Data records:
━━━━━━━━━━━━━━━━━━━━━━━━━━━━━━
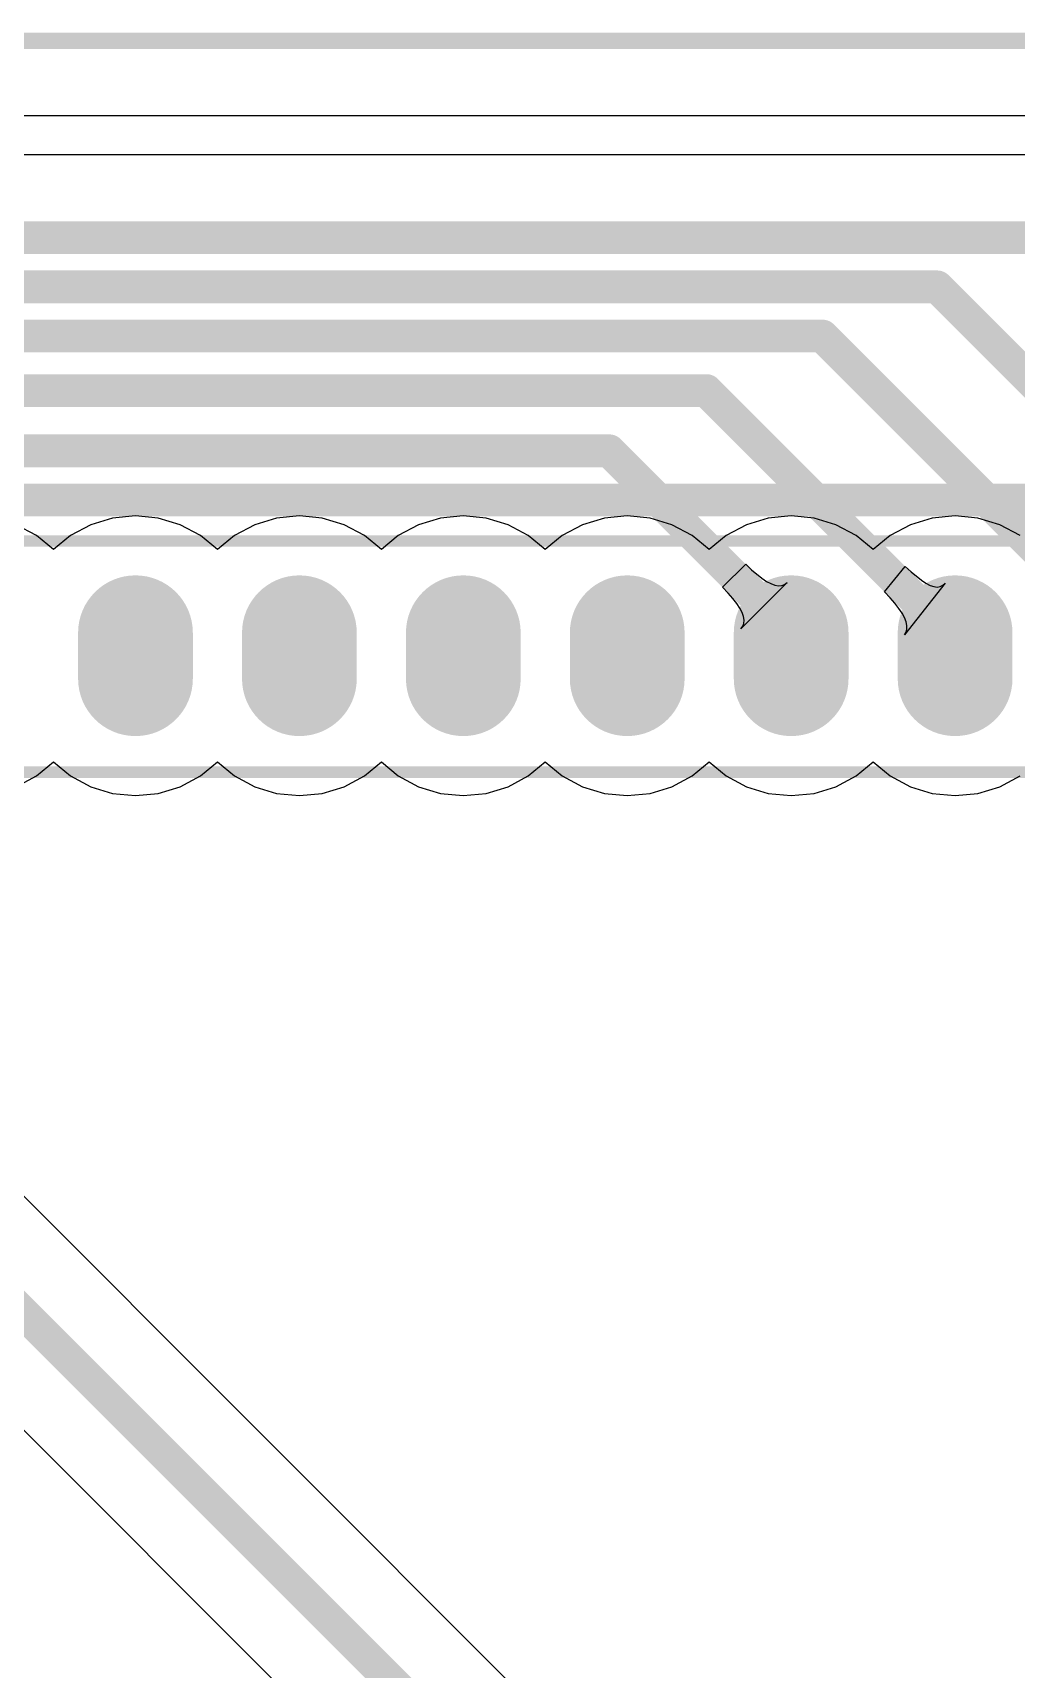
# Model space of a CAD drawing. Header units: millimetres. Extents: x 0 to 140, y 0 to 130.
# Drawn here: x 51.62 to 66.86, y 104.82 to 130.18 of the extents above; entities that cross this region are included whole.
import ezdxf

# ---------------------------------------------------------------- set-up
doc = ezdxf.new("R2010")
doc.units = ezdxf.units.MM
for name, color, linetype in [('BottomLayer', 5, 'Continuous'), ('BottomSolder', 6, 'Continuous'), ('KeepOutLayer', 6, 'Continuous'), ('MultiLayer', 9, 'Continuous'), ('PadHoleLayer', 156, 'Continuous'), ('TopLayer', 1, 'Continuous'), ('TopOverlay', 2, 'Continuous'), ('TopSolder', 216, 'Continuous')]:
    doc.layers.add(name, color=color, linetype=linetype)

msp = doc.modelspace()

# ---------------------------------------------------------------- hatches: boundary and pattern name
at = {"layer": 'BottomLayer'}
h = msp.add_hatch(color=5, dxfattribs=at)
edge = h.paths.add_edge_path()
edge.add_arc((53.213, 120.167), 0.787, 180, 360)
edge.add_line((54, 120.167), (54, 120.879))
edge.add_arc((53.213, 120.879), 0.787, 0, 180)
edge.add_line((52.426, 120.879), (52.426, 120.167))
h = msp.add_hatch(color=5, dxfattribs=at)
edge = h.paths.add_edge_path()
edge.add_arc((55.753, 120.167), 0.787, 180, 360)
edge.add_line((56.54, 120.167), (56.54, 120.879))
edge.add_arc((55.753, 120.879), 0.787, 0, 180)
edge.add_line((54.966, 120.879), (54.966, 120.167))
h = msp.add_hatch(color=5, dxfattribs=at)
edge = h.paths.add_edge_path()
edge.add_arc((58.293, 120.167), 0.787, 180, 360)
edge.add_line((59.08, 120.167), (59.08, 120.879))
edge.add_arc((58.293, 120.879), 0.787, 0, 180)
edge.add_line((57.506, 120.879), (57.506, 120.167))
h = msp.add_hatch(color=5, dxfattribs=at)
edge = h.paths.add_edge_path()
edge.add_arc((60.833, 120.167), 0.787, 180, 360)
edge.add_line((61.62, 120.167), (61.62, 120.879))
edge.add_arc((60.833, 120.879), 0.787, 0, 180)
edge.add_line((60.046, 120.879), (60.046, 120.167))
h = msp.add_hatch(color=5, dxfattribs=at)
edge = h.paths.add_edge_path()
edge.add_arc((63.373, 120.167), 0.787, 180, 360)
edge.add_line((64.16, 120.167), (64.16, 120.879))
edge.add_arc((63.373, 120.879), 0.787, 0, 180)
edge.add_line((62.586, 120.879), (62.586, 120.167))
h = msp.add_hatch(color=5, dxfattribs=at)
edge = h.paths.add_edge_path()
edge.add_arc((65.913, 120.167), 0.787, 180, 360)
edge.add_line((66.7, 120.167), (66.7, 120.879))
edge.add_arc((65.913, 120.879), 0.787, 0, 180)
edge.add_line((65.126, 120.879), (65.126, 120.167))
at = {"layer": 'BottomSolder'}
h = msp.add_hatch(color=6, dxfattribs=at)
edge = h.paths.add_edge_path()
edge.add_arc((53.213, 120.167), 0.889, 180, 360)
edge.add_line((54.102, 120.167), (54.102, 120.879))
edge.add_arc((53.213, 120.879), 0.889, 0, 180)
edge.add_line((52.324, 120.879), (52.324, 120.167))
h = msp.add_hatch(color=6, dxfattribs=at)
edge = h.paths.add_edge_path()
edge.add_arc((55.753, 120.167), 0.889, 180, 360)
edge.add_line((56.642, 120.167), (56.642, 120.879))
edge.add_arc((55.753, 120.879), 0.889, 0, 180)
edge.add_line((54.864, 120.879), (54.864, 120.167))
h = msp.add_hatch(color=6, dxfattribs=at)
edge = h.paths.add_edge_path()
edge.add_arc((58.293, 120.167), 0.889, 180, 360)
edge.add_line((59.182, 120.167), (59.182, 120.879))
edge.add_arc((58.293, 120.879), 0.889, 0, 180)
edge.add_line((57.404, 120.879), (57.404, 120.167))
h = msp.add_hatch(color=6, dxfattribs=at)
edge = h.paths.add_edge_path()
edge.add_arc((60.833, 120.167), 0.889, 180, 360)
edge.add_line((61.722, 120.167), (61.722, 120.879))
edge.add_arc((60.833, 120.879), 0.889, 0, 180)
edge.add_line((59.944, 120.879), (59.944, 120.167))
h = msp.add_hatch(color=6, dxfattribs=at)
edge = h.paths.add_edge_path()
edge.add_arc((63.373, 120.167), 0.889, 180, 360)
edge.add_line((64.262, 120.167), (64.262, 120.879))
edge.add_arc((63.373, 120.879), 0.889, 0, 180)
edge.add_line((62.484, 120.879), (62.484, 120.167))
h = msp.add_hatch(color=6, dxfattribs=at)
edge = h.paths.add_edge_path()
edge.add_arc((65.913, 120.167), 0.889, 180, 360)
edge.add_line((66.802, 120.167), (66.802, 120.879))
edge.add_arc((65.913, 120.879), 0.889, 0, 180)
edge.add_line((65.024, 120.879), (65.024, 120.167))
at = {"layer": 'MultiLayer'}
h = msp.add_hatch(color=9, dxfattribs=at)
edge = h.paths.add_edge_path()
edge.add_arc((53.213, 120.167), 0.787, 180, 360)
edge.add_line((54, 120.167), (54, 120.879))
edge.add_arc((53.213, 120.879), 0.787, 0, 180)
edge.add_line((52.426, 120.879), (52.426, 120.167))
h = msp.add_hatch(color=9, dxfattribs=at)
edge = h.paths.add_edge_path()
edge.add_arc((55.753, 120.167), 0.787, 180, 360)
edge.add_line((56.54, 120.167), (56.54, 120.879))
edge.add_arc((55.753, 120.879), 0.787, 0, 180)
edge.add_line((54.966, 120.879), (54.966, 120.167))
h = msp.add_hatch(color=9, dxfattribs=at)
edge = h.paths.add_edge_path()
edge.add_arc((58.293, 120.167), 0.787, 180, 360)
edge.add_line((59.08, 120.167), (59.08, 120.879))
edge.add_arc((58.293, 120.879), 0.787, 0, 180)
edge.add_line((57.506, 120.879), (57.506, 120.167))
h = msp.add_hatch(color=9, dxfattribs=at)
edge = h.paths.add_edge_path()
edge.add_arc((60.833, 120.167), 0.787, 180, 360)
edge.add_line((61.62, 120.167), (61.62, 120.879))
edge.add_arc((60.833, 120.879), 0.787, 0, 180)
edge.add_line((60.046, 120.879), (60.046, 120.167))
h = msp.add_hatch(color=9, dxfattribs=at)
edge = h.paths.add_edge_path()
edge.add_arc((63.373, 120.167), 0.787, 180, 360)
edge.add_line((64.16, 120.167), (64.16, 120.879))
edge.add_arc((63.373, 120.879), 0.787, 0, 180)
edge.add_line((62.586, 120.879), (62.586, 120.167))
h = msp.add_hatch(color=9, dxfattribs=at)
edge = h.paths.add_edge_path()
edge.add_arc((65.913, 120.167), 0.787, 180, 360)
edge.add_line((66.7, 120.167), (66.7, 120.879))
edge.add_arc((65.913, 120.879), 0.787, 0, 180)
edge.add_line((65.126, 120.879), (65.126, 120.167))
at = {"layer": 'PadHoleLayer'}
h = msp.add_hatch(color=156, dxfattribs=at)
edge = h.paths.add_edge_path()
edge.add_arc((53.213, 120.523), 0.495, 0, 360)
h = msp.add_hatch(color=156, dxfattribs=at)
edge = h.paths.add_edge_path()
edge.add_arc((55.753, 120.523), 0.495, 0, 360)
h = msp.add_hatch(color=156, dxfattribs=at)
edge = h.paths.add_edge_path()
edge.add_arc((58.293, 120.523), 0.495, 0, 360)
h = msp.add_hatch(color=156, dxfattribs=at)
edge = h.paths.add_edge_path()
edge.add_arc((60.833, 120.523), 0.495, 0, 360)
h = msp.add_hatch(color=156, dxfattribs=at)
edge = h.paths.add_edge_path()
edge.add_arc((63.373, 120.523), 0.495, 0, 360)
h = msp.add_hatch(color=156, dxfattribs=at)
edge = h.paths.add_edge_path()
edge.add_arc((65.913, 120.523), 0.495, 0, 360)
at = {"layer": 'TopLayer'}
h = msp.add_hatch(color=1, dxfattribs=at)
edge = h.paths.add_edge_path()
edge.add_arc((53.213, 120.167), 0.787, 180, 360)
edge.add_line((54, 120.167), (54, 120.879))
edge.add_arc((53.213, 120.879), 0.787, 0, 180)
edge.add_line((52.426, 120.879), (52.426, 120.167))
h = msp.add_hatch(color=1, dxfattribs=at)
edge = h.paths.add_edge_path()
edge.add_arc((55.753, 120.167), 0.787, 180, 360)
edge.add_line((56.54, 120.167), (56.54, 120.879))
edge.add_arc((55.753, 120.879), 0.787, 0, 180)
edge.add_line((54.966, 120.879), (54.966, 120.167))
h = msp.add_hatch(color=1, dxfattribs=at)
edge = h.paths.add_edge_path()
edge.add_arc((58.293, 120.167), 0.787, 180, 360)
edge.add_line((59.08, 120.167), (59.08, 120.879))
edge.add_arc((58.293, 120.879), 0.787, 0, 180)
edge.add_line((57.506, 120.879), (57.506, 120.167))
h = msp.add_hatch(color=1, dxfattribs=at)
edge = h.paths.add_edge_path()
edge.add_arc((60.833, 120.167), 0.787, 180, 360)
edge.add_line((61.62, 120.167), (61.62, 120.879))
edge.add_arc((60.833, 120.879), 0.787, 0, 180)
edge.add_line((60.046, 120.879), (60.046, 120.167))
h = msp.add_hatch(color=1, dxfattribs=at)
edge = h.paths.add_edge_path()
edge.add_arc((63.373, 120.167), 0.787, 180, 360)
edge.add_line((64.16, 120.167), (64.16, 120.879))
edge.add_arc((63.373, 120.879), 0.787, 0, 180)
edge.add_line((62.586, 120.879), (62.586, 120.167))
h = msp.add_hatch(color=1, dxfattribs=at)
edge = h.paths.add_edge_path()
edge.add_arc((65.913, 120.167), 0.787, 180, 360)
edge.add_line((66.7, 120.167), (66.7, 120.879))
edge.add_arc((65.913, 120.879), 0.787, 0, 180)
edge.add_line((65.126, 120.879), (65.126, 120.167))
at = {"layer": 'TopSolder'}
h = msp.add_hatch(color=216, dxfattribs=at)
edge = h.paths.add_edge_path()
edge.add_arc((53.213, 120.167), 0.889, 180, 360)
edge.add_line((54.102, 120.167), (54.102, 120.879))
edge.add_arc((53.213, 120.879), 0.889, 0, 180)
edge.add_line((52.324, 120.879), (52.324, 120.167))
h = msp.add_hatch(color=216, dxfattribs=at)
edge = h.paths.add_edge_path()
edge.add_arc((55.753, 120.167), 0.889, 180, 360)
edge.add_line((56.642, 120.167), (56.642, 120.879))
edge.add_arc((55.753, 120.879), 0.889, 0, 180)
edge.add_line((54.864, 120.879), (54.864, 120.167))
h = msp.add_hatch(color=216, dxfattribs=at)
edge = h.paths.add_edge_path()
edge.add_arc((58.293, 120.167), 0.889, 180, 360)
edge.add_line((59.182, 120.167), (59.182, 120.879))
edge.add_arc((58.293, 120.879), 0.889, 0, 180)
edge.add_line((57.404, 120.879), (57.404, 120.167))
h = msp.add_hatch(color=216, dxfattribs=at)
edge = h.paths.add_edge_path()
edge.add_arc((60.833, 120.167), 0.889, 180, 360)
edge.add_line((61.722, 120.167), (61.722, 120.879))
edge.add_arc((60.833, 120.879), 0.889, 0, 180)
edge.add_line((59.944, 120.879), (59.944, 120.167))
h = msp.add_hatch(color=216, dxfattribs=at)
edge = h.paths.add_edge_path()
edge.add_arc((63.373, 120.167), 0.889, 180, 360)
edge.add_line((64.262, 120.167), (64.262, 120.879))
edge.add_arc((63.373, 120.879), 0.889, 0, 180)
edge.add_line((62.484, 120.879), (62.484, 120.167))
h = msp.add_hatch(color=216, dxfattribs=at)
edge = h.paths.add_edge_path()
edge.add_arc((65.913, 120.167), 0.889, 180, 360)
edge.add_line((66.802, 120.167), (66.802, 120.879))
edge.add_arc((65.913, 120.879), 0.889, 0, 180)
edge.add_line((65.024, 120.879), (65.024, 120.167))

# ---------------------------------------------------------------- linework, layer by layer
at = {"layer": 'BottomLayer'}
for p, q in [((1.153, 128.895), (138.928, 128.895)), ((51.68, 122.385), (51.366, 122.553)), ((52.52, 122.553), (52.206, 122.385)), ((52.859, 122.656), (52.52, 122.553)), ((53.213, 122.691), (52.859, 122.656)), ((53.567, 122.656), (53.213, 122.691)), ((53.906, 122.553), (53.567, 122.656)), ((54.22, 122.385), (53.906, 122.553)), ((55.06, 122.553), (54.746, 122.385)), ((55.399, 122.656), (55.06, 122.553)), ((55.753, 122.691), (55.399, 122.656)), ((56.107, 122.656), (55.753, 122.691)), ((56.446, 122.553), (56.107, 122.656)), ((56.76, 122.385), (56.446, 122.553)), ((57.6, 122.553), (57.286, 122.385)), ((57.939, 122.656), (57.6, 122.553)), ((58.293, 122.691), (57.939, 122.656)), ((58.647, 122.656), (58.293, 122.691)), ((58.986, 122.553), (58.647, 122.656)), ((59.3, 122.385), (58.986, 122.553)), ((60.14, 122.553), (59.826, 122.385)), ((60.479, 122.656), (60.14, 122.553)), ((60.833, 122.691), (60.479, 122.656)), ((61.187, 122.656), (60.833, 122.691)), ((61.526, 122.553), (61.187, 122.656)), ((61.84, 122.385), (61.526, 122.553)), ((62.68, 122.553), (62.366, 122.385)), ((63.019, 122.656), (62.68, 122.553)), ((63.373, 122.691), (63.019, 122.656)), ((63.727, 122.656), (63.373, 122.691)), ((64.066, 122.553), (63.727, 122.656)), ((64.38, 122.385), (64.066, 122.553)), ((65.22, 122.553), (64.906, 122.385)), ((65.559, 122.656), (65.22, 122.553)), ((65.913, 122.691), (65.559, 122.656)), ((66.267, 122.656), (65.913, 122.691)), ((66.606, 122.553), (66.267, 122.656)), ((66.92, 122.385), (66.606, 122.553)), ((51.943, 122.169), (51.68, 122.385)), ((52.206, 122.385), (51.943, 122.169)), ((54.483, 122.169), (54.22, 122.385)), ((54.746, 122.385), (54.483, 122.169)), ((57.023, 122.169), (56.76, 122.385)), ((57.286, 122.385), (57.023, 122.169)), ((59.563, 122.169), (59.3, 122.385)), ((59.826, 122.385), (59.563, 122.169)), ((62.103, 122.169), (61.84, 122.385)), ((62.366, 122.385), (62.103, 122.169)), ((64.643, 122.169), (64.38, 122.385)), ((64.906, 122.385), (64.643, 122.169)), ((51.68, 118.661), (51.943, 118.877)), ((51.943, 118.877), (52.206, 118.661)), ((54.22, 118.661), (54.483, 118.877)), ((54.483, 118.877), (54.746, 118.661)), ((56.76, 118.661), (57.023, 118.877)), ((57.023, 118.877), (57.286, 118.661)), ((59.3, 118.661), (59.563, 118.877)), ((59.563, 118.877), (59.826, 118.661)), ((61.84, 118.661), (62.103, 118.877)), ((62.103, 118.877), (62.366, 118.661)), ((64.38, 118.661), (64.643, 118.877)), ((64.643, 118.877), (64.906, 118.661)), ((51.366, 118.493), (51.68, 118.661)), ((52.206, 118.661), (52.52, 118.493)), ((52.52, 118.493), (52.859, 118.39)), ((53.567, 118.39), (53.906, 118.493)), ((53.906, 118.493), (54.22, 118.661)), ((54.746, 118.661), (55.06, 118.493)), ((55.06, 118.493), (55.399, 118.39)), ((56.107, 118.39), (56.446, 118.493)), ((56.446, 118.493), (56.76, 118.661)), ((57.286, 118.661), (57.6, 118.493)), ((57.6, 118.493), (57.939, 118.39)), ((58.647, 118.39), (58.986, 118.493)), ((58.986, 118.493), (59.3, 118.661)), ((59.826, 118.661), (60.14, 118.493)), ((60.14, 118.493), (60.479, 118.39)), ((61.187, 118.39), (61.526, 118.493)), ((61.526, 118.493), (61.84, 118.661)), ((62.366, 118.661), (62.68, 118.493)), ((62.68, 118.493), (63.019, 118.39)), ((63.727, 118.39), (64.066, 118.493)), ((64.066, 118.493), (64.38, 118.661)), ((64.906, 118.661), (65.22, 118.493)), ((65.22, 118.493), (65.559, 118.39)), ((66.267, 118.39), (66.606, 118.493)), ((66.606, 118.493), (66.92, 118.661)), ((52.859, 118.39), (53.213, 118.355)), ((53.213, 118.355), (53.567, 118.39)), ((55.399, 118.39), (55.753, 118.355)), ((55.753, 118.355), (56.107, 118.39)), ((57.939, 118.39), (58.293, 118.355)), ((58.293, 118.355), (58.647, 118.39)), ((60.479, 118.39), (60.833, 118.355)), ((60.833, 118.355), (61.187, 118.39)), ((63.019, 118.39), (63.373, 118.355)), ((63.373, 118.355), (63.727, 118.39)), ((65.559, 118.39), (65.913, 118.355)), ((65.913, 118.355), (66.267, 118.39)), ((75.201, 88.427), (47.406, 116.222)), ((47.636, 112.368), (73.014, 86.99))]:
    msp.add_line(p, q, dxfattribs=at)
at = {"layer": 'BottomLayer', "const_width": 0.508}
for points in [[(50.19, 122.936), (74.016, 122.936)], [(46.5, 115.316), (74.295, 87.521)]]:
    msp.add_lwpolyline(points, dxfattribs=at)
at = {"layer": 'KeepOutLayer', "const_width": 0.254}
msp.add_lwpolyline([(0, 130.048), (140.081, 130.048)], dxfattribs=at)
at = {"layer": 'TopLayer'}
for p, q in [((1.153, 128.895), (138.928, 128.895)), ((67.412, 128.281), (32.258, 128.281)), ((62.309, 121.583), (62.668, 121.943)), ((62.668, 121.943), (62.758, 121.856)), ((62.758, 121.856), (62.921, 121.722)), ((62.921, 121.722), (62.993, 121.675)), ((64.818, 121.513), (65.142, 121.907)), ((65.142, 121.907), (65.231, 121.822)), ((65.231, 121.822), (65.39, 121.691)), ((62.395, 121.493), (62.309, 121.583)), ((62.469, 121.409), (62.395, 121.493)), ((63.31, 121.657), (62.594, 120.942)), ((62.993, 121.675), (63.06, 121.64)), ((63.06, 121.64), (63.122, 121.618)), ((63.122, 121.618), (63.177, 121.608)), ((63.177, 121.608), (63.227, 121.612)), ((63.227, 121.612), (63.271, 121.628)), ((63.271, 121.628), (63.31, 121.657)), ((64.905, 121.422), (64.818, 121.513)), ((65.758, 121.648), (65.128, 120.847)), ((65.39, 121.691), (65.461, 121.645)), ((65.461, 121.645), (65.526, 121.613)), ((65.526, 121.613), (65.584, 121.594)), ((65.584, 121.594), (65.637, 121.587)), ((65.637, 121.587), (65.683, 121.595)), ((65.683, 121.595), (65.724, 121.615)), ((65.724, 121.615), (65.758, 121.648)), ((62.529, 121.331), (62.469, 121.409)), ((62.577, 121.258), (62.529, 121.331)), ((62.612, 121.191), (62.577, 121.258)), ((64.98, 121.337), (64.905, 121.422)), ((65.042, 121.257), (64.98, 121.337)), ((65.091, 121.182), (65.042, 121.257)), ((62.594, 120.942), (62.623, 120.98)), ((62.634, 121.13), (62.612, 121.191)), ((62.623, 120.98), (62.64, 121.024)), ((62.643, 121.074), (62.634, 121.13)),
━━━━━━━━━━━━━━━━━━━━━━━━━━━━━━
=== Problem to solve ===
Across the data, how many lines contain the string "KeepOutLayer"? Only the number is wanted.

=== Task answer ===
2